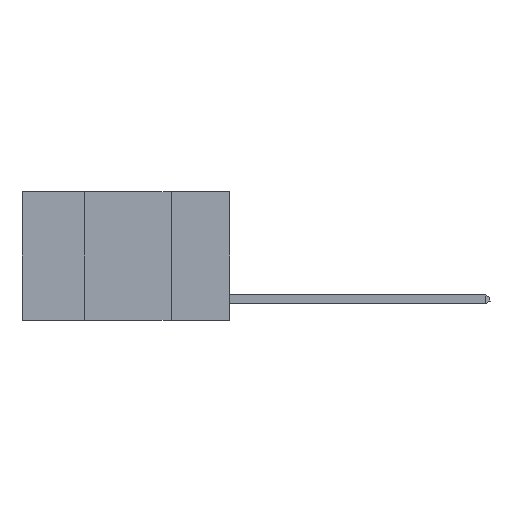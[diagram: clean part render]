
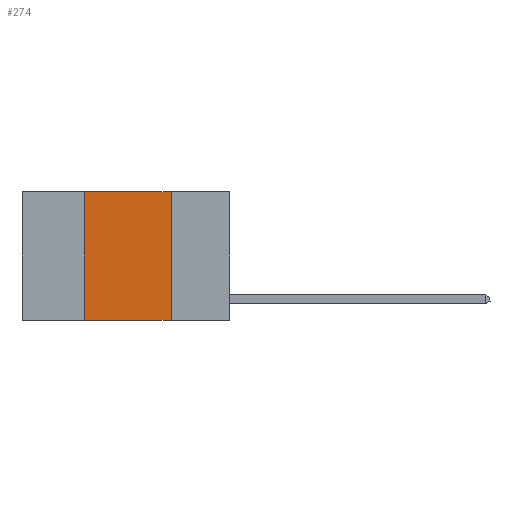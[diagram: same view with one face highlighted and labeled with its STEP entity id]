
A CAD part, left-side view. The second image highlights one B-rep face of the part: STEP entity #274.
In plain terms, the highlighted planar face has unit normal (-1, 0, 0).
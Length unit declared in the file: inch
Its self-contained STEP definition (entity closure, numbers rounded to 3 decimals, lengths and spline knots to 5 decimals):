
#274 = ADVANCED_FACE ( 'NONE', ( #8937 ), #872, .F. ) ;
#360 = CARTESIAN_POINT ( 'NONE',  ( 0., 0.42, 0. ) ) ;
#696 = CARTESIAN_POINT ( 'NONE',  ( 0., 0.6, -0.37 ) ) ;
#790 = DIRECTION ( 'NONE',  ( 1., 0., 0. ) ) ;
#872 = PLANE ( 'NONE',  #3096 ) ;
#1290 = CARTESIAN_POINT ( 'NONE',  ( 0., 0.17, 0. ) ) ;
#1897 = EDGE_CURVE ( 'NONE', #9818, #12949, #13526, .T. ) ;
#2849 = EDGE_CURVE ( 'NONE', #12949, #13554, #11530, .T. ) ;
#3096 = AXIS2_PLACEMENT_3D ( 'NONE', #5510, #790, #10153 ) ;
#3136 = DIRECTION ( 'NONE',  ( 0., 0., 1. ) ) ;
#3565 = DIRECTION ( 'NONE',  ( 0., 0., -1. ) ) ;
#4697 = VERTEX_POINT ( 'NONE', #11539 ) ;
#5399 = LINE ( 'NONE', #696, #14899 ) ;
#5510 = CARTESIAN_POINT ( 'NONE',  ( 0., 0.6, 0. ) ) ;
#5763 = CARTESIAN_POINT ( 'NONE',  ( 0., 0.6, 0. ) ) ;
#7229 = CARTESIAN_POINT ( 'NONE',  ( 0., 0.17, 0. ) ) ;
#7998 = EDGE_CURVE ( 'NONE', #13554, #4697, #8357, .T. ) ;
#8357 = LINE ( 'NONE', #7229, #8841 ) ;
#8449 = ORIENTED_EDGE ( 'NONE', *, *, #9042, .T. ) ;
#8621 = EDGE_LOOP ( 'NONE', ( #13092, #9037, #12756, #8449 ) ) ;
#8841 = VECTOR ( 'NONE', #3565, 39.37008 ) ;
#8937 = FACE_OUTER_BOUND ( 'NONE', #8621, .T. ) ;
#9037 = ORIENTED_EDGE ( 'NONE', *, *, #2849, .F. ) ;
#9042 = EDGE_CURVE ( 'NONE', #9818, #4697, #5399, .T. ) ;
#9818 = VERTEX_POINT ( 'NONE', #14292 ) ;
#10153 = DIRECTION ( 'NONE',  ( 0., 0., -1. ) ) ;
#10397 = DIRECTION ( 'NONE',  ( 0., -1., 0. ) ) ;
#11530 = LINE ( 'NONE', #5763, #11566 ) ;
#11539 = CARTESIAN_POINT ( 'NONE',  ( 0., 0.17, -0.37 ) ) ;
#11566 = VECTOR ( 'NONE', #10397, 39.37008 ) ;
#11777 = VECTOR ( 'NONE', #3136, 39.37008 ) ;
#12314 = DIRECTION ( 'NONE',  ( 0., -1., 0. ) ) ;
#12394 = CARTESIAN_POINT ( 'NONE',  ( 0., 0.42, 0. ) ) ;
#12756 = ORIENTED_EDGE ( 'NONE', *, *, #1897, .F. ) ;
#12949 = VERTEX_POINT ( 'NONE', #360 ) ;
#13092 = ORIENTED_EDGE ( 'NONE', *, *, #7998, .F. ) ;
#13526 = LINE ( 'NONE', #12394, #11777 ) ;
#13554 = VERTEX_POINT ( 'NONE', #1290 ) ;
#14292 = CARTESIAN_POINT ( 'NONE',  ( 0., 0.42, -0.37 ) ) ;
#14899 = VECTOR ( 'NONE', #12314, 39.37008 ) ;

# # # # # # #

__Assignment__. Nothing but the lines from the one that contains "#9042 = EDGE_CURVE" through the end of the data above should appear, each reproduced exactly.

__Solution to this problem__.
#9042 = EDGE_CURVE ( 'NONE', #9818, #4697, #5399, .T. ) ;
#9818 = VERTEX_POINT ( 'NONE', #14292 ) ;
#10153 = DIRECTION ( 'NONE',  ( 0., 0., -1. ) ) ;
#10397 = DIRECTION ( 'NONE',  ( 0., -1., 0. ) ) ;
#11530 = LINE ( 'NONE', #5763, #11566 ) ;
#11539 = CARTESIAN_POINT ( 'NONE',  ( 0., 0.17, -0.37 ) ) ;
#11566 = VECTOR ( 'NONE', #10397, 39.37008 ) ;
#11777 = VECTOR ( 'NONE', #3136, 39.37008 ) ;
#12314 = DIRECTION ( 'NONE',  ( 0., -1., 0. ) ) ;
#12394 = CARTESIAN_POINT ( 'NONE',  ( 0., 0.42, 0. ) ) ;
#12756 = ORIENTED_EDGE ( 'NONE', *, *, #1897, .F. ) ;
#12949 = VERTEX_POINT ( 'NONE', #360 ) ;
#13092 = ORIENTED_EDGE ( 'NONE', *, *, #7998, .F. ) ;
#13526 = LINE ( 'NONE', #12394, #11777 ) ;
#13554 = VERTEX_POINT ( 'NONE', #1290 ) ;
#14292 = CARTESIAN_POINT ( 'NONE',  ( 0., 0.42, -0.37 ) ) ;
#14899 = VECTOR ( 'NONE', #12314, 39.37008 ) ;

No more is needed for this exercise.